** Opening SUPPLIED DATA block **
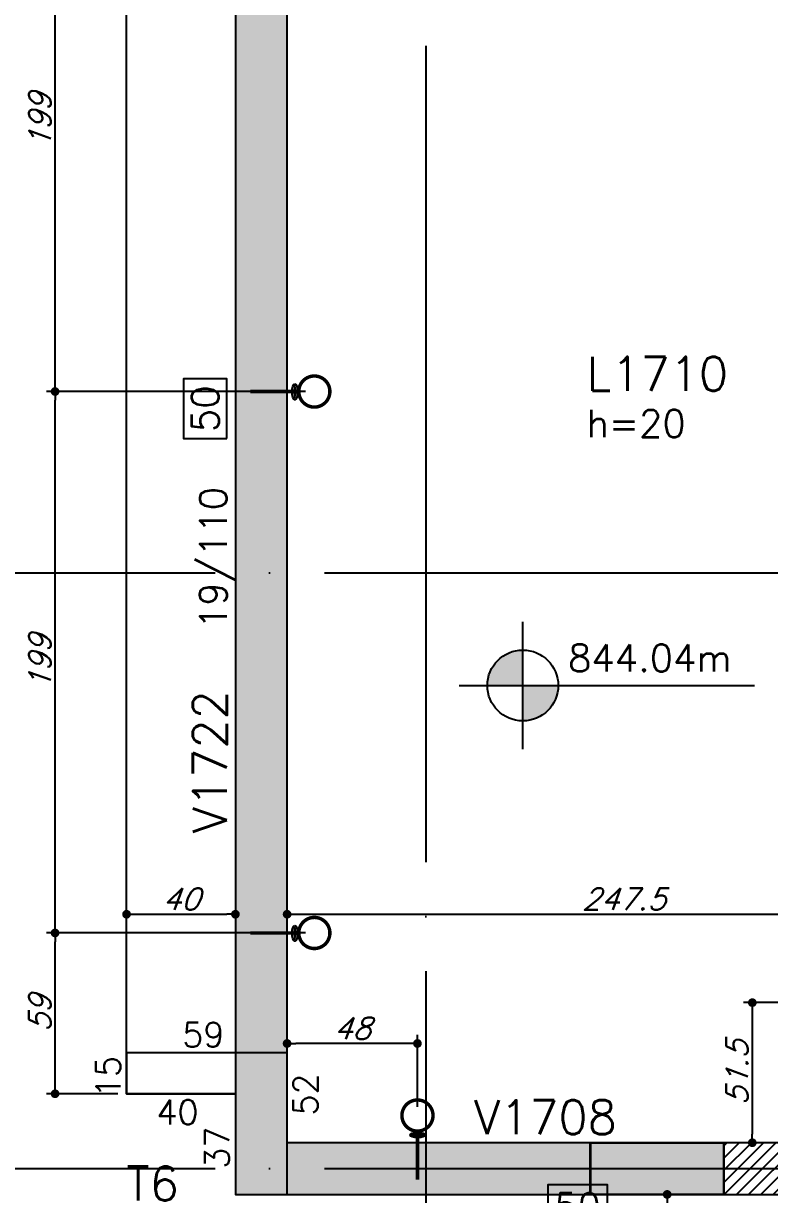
# Model space of a CAD drawing. Header units: millimetres. Extents: x -2368 to 4502, y -2283 to 2217.
# Drawn here: x -1237.9 to -963.7, y 645.5 to 1075.9 of the extents above; entities that cross this region are included whole.
import ezdxf
from ezdxf.enums import TextEntityAlignment as Align

# ---------------------------------------------------------------- set-up
doc = ezdxf.new("R2010")
doc.units = ezdxf.units.MM
doc.header["$LTSCALE"] = 50
doc.linetypes.add('EIXO', pattern=[6.800000000000001, 6, -0.4, 0, -0.4])
for name, color, linetype in [('F-COTAS', 106, 'Continuous'), ('F-COTAS ANCORAGEM', 106, 'Continuous'), ('F-DESNIVEL-1', 254, 'Continuous'), ('F-EIXO', 12, 'EIXO'), ('F-GANCHOS', 4, 'Continuous'), ('F-LAJES', 3, 'Continuous'), ('F-LAJES-DIM', 2, 'Continuous'), ('F-LAJES-NOME', 4, 'Continuous'), ('F-NÍVEL-PLANTA', 2, 'Continuous'), ('F-PILARES-DIM', 172, 'Continuous'), ('F-PILARES-HACH', 174, 'Continuous'), ('F-PILARES-M', 170, 'Continuous'), ('F-PILARES-NOME', 170, 'Continuous'), ('F-PILARES-V', 170, 'Continuous'), ('F-TEXTO', 6, 'Continuous'), ('F-VIGAS', 3, 'Continuous'), ('F-VIGAS-DIM', 2, 'Continuous'), ('F-VIGAS-NOME', 4, 'Continuous')]:
    doc.layers.add(name, color=color, linetype=linetype)
doc.styles.add('CP-TEXT-INCL', font='romans.shx', dxfattribs={"oblique": 20})
doc.styles.add('MCP', font='romans.shx')
doc.styles.add('ROMANS', font='romans.shx')
doc.dimstyles.new('CP-COTAS-50', dxfattribs={"dimscale": 0.64, "dimtxt": 12.5, "dimasz": 5, "dimexe": 5, "dimexo": 5, "dimgap": 2.5, "dimtad": 1, "dimdec": 1, "dimdsep": 46, "dimtxsty": 'CP-TEXT-INCL', "dimblk1": 'DOT', "dimblk2": 'DOT', "dimsah": 1, "dimcen": 9, "dimclrd": 256, "dimclre": 256, "dimclrt": 256, "dimadec": 0, "dimazin": 0, "dimtfac": 1, "dimtdec": 1, "dimtmove": 2, "dimatfit": 3, "dimldrblk": 'DOT', "dimfxl": 5, "dimtolj": 1, "dimarcsym": 0})

# ---------------------------------------------------------------- blocks, each defined once
blk = doc.blocks.new('*U5')
at = {"layer": 'F-VIGAS-DIM', "color": 1}
blk.add_lwpolyline([(0, 0), (22, 0), (22, 16), (0, 16)], close=True, dxfattribs=at)
at = {"layer": 'F-VIGAS-DIM', "style": 'MCP'}
blk.add_attdef('DIM', text='', height=10, dxfattribs=at).set_placement((11, 8), align=Align.MIDDLE_CENTER)
blk = doc.blocks.new('Nível - Planta')
at = {"layer": 'F-NÍVEL-PLANTA'}
h = blk.add_hatch(color=71, dxfattribs=at)
h.paths.add_polyline_path([(-3.5411238e-09, 2.699032e-10), (-3.5411238e-09, 0.260416666936873, 0.4142135623730814), (-0.2604166702080937, 2.699032e-10)])
h.paths.add_polyline_path([(0.2604166631253912, 2.699032e-10), (-3.5411238e-09, 2.699032e-10), (-3.5411238e-09, -0.2604166663970666, 0.4142135623730865)])
for p, q in [((-3.5411238e-09, -0.4687499997300968), (-3.5411238e-09, 0.4687500002699032)), ((-0.4687500035411238, 2.699032e-10), (1.703967649547388, 2.699032e-10))]:
    blk.add_line(p, q, dxfattribs=at)
blk.add_circle((-3.5411238e-09, 2.699032e-10), 0.2604166666666667, dxfattribs=at)
at = {"layer": 'F-TEXTO', "color": 3, "style": 'MCP'}
blk.add_attdef('NÍVEL', (0.3329048316645578, 0.1021140355576442), '', height=0.2, dxfattribs=at)
blk = doc.blocks.new('*U13')
at = {"layer": 'F-EIXO'}
blk.add_line((-2.7418032e-09, 0), (4857.496191245809, -3.359e-13), dxfattribs=at)
at = {"layer": 'F-TEXTO', "style": 'ROMANS'}
blk.add_attdef('EIXO', text='', height=17.5, dxfattribs=at).set_placement((-28.20719999999999, 0), align=Align.MIDDLE_CENTER)
blk = doc.blocks.new('*U21')
at = {"layer": 'F-EIXO'}
blk.add_line((0, 2.7418032e-09), (-3.218e-12, -2728.581274766744), dxfattribs=at)
at = {"layer": 'F-TEXTO', "style": 'ROMANS'}
blk.add_attdef('EIXO', text='', height=17.5, rotation=359.9999999999999, dxfattribs=at).set_placement((3.13e-14, 28.20719999999999), align=Align.MIDDLE_CENTER)
blk = doc.blocks.new('_DOT')
at = {"color": 0, "linetype": 'ByBlock'}
blk.add_line((-0.5, 0), (-1, 0), dxfattribs=at)
at = {"color": 0, "linetype": 'ByBlock', "const_width": 0.5}
blk.add_lwpolyline([(-0.25, 0, 1), (0.25, 0, 1)], format="xyb", close=True, dxfattribs=at)
blk = doc.blocks.new('*D56')
at = {"layer": 'DEFPOINTS', "color": 0, "transparency": 16777216}
for p in [(-1200, 748.4732391664884), (-1160, 748.4732391664884), (-1160, 748.4732391664884)]:
    blk.add_point(p, dxfattribs=at)
at = {"layer": 'F-COTAS', "lineweight": -2, "transparency": 16777216}
blk.add_line((-1196.8, 748.4732391664884), (-1163.2, 748.4732391664884), dxfattribs=at)
at = {"layer": 'F-COTAS', "lineweight": -2, "transparency": 16777216, "xscale": 3.2, "yscale": 3.2, "zscale": 3.2, "rotation": 180}
blk.add_blockref('_DOT', (-1200, 748.4732391664884), dxfattribs=at)
at = {"layer": 'F-COTAS', "lineweight": -2, "transparency": 16777216, "xscale": 3.2, "yscale": 3.2, "zscale": 3.2}
blk.add_blockref('_DOT', (-1160, 748.4732391664884), dxfattribs=at)
at = {"layer": 'F-COTAS', "transparency": 16777216, "insert": (-1180, 754.0732391664884), "char_height": 8, "attachment_point": 5, "style": 'CP-TEXT-INCL'}
blk.add_mtext('\\A1;40', dxfattribs=at)
blk = doc.blocks.new('*D57')
at = {"layer": 'DEFPOINTS', "color": 0, "transparency": 16777216}
for p in [(-1141, 748.4732391664884), (-893.5, 748.4732391664884), (-893.5, 748.4732391664884)]:
    blk.add_point(p, dxfattribs=at)
at = {"layer": 'F-COTAS', "lineweight": -2, "transparency": 16777216}
blk.add_line((-1137.8, 748.4732391664884), (-896.7, 748.4732391664884), dxfattribs=at)
at = {"layer": 'F-COTAS', "lineweight": -2, "transparency": 16777216, "xscale": 3.2, "yscale": 3.2, "zscale": 3.2, "rotation": 180}
blk.add_blockref('_DOT', (-1141, 748.4732391664884), dxfattribs=at)
at = {"layer": 'F-COTAS', "lineweight": -2, "transparency": 16777216, "xscale": 3.2, "yscale": 3.2, "zscale": 3.2}
blk.add_blockref('_DOT', (-893.5, 748.4732391664884), dxfattribs=at)
at = {"layer": 'F-COTAS', "transparency": 16777216, "insert": (-1017.25, 754.0732391664884), "char_height": 8, "attachment_point": 5, "style": 'CP-TEXT-INCL'}
blk.add_mtext('\\A1;247.5', dxfattribs=at)
blk = doc.blocks.new('*D145')
at = {"layer": 'DEFPOINTS', "color": 0, "transparency": 16777216}
for p in [(-980.5, 645.5000000000009), (-849.5, 627.5314984011832), (-849.5, 579.3069353274914)]:
    blk.add_point(p, dxfattribs=at)
at = {"layer": 'F-COTAS', "lineweight": -2, "transparency": 16777216}
for p, q in [((-980.5, 642.3000000000009), (-980.5, 576.1069353274913)), ((-849.5, 624.3314984011831), (-849.5, 576.1069353274913)), ((-977.3, 579.3069353274914), (-852.7, 579.3069353274914))]:
    blk.add_line(p, q, dxfattribs=at)
at = {"layer": 'F-COTAS', "lineweight": -2, "transparency": 16777216, "xscale": 3.2, "yscale": 3.2, "zscale": 3.2, "rotation": 180}
blk.add_blockref('_DOT', (-980.5, 579.3069353274914), dxfattribs=at)
at = {"layer": 'F-COTAS', "lineweight": -2, "transparency": 16777216, "xscale": 3.2, "yscale": 3.2, "zscale": 3.2}
blk.add_blockref('_DOT', (-849.5, 579.3069353274914), dxfattribs=at)
at = {"layer": 'F-COTAS', "transparency": 16777216, "insert": (-915, 584.9069353274914), "char_height": 8, "attachment_point": 5, "style": 'CP-TEXT-INCL'}
blk.add_mtext('\\A1;131', dxfattribs=at)
blk = doc.blocks.new('*D146')
at = {"layer": 'DEFPOINTS', "color": 0, "transparency": 16777216}
for p in [(-946.5000000000005, 716.0000000000011), (-970.050841099322, 664.5000000000011), (-946.5000000000005, 664.5000000000011)]:
    blk.add_point(p, dxfattribs=at)
at = {"layer": 'F-COTAS', "lineweight": -2, "transparency": 16777216}
for p, q in [((-949.7000000000005, 716.0000000000011), (-973.2508410993221, 716.0000000000011)), ((-970.050841099322, 712.8000000000011), (-970.050841099322, 667.7000000000012)), ((-949.7000000000005, 664.5000000000011), (-973.2508410993221, 664.5000000000011))]:
    blk.add_line(p, q, dxfattribs=at)
at = {"layer": 'F-COTAS', "lineweight": -2, "transparency": 16777216, "xscale": 3.2, "yscale": 3.2, "zscale": 3.2}
for p, rotation in [((-970.050841099322, 716.0000000000011), 90), ((-970.050841099322, 664.5000000000011), 270)]:
    blk.add_blockref('_DOT', p, dxfattribs=dict(at, rotation=rotation))
at = {"layer": 'F-COTAS', "transparency": 16777216, "insert": (-975.6508410993217, 690.2500000000014), "char_height": 8, "attachment_point": 5, "rotation": 90, "style": 'CP-TEXT-INCL'}
blk.add_mtext('\\A1;51.5', dxfattribs=at)
blk = doc.blocks.new('*D242')
at = {"layer": 'DEFPOINTS', "color": 0, "transparency": 16777216}
for p in [(-1720.010944133254, 1437.999999999997), (-1200.000000000001, 1437.999999999997), (-1389.000000000001, -579.0000000000039)]:
    blk.add_point(p, dxfattribs=at)
at = {"layer": 'F-COTAS', "lineweight": -2, "transparency": 16777216}
for p, q in [((-1203.200000000001, 1437.999999999997), (-1723.210944133254, 1437.999999999997)), ((-1720.010944133253, -575.8000000000038), (-1720.010944133254, 1434.799999999997)), ((-1392.200000000001, -579.0000000000039), (-1723.210944133253, -579.0000000000039))]:
    blk.add_line(p, q, dxfattribs=at)
at = {"layer": 'F-COTAS', "lineweight": -2, "transparency": 16777216, "xscale": 3.2, "yscale": 3.2, "zscale": 3.2}
for p, rotation in [((-1720.010944133254, 1437.999999999997), 90), ((-1720.010944133253, -579.0000000000039), 270)]:
    blk.add_blockref('_DOT', p, dxfattribs=dict(at, rotation=rotation))
at = {"layer": 'F-COTAS', "transparency": 16777216, "insert": (-1725.610944133253, 429.4999999999968), "char_height": 8, "attachment_point": 5, "rotation": 90, "style": 'CP-TEXT-INCL'}
blk.add_mtext('\\A1;2017', dxfattribs=at)
blk = doc.blocks.new('PB-ANC_VISTA')
at = {"layer": 'F-GANCHOS'}
h = blk.add_hatch(color=256, dxfattribs=at)
edge = h.paths.add_edge_path()
edge.add_ellipse((6e-16, 0.0048830245915769), major_axis=(-0.01421336150182099, -3.120004786569837e-19), ratio=0.3435517059740818, start_angle=169.9854711377853, end_angle=230.0718363791049, ccw=False)
edge.add_spline(control_points=[(0.0126411946264296, 0.0026507355898707), (0.0117836666351753, 0.0034977113826949), (0.0109235915734792, 0.0039115806897621), (0.0093897453098765, 0.0045800413220854), (0.0088917317493861, 0.004771264863457), (0.00844322111532, 0.0049148756847558)], knot_values=[3.709013167034158, 3.709013167034158, 3.709013167034158, 3.709013167034158, 3.826961586062067, 3.826961586062067, 3.97553574084114, 3.97553574084114, 3.97553574084114, 3.97553574084114], degree=3, periodic=0)
edge.add_spline(control_points=[(0.00844322111532, 0.0049148756847558), (0.0083065325986894, 0.0049586426517908), (0.008174441875384, 0.0049979873863959), (0.0074551450821537, 0.0052024241318417), (0.0068011675991426, 0.0053559201005669), (0.0053938353896917, 0.0056186906011362), (0.0046375756201758, 0.0057289091774828), (0.0024801167687543, 0.0059615465690695), (0.0010176398505263, 0.0060297301580249), (-0.0018925544736953, 0.0059958232139774), (-0.0033338921458357, 0.0058939194305617), (-0.0059905030007382, 0.0055370185298329), (-0.0072042031272144, 0.0052829976915723), (-0.0082807892744307, 0.0049655836600868), (-0.0083633124109115, 0.0049405171288458), (-0.0084441614919978, 0.0049152445835057)], knot_values=[3.97553574084114, 3.97553574084114, 3.97553574084114, 3.97553574084114, 4.020815337987658, 4.020815337987658, 4.214669089913252, 4.214669089913252, 4.408522841838845, 4.408522841838845, 4.746247592597542, 4.746247592597542, 5.083972343356238, 5.083972343356238, 5.421697094114933, 5.421697094114933, 5.450325100072223, 5.450325100072223, 5.450325100072223, 5.450325100072223], degree=3, periodic=0)
edge.add_spline(control_points=[(-0.0084441614919978, 0.0049152445835057), (-0.0089742918104616, 0.0047495315991454), (-0.0094324465887081, 0.0045749610966004), (-0.0100519189022861, 0.0042920902743595), (-0.0108929761772554, 0.0039694803047859), (-0.0119447732527078, 0.0031496170486344), (-0.0123152978400685, 0.0027872802728985), (-0.0125246966004925, 0.0025745304371867)], knot_values=[5.450325100072223, 5.450325100072223, 5.450325100072223, 5.450325100072223, 5.638039959797232, 5.638039959797232, 5.767465110611607, 5.767465110611607, 5.833240140130968, 5.833240140130968, 5.833240140130968, 5.833240140130968], degree=3, periodic=0)
edge.add_ellipse((6e-16, 0.0048830245915769), major_axis=(-0.01421336150182099, -3.120004786569837e-19), ratio=0.3435517059740818, start_angle=309.92816362089536, end_angle=370.4432854846646, ccw=False)
edge.add_arc((6e-16, 0.0405780776660982), 0.03125, 262.7794690504405, 270)
edge.add_arc((6e-16, 0.0405780776660982), 0.03125, 269.9999999999999, 277.2205309495595)
edge = h.paths.add_edge_path()
edge.add_spline(control_points=[(-0.008444161491999, 0.0049152445835057), (-0.0080896013874439, 0.0048128651922616), (-0.0077131407423377, 0.0047155209044717), (-0.0061896235295574, 0.0043670912943253), (-0.0049068458137071, 0.0041640198058826), (-0.002203315667312, 0.0039075447027994), (-0.0007792708777105, 0.0038529050640454), (0.002289224370191, 0.0039017992646222), (0.0039288441559336, 0.0040381435683798), (0.006529808610797, 0.0044367743233465), (0.0075545950060024, 0.004658775315554), (0.0084432211152882, 0.0049148756847671)], knot_values=[0.8725780497572831, 0.8725780497572831, 0.8725780497572831, 0.8725780497572831, 0.9834970374127924, 0.9834970374127924, 1.300772689340089, 1.300772689340089, 1.618048341267386, 1.618048341267386, 1.99102600461988, 1.99102600461988, 2.268927333036337, 2.268927333036337, 2.268927333036337, 2.268927333036337], degree=3, periodic=0)
edge.add_spline(control_points=[(0.00844322111532, 0.0049148756847558), (0.0088917317493861, 0.004771264863457), (0.0093897453098765, 0.0045800413220854), (0.0109235915734792, 0.0039115806897621), (0.0117836666351753, 0.0034977113826949), (0.0126411946264296, 0.0026507355898707)], knot_values=[3.709013167034158, 3.709013167034158, 3.709013167034158, 3.709013167034158, 3.857587321813232, 3.857587321813232, 3.97553574084114, 3.97553574084114, 3.97553574084114, 3.97553574084114], degree=3, periodic=0)
edge.add_ellipse((6e-16, 0.0048830245915769), major_axis=(-0.01421336150182099, -3.120004786569837e-19), ratio=0.3435517059740818, start_angle=10.443285484664614, end_angle=169.9854711377853, ccw=False)
edge.add_spline(control_points=[(-0.0125246966004925, 0.0025745304371867), (-0.0123152978400685, 0.0027872802728985), (-0.0119447732527078, 0.0031496170486344), (-0.0108929761772554, 0.0039694803047859), (-0.0100519189022861, 0.0042920902743595), (-0.0094324465887081, 0.0045749610966004), (-0.0089742918104616, 0.0047495315991454), (-0.0084441614919978, 0.0049152445835057)], knot_values=[5.450325100072223, 5.450325100072223, 5.450325100072223, 5.450325100072223, 5.516100129591587, 5.516100129591587, 5.645525280405959, 5.645525280405959, 5.833240140130968, 5.833240140130968, 5.833240140130968, 5.833240140130968], degree=3, periodic=0)
blk.add_line((0.0031250000000006, 0.0093280776660981), (-0.0031249999999994, 0.0093280776660981), dxfattribs=at)
at = {"layer": 'F-GANCHOS', "const_width": 0.00625}
blk.add_lwpolyline([(-0.0005004029764398, 0.0120867550369371, -1), (-0.0005004029764399, 0.0683367550369371, -1)], format="xyb", close=True, dxfattribs=at)
blk.add_lwpolyline([(-0.0005004029764398, -0.0756857030922788), (-0.0005004029764398, 0.009763021992876)], dxfattribs=at)
at = {"layer": 'F-GANCHOS'}
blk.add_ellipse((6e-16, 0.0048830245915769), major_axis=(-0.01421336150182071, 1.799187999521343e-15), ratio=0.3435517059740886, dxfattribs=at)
** Closing SUPPLIED DATA block **
_WORK REQUIRED_
When a line of the data holds the string "import", pick it out and copy it.

_EXERCISE RESPONSE_
import ezdxf
from ezdxf.enums import TextEntityAlignment as Align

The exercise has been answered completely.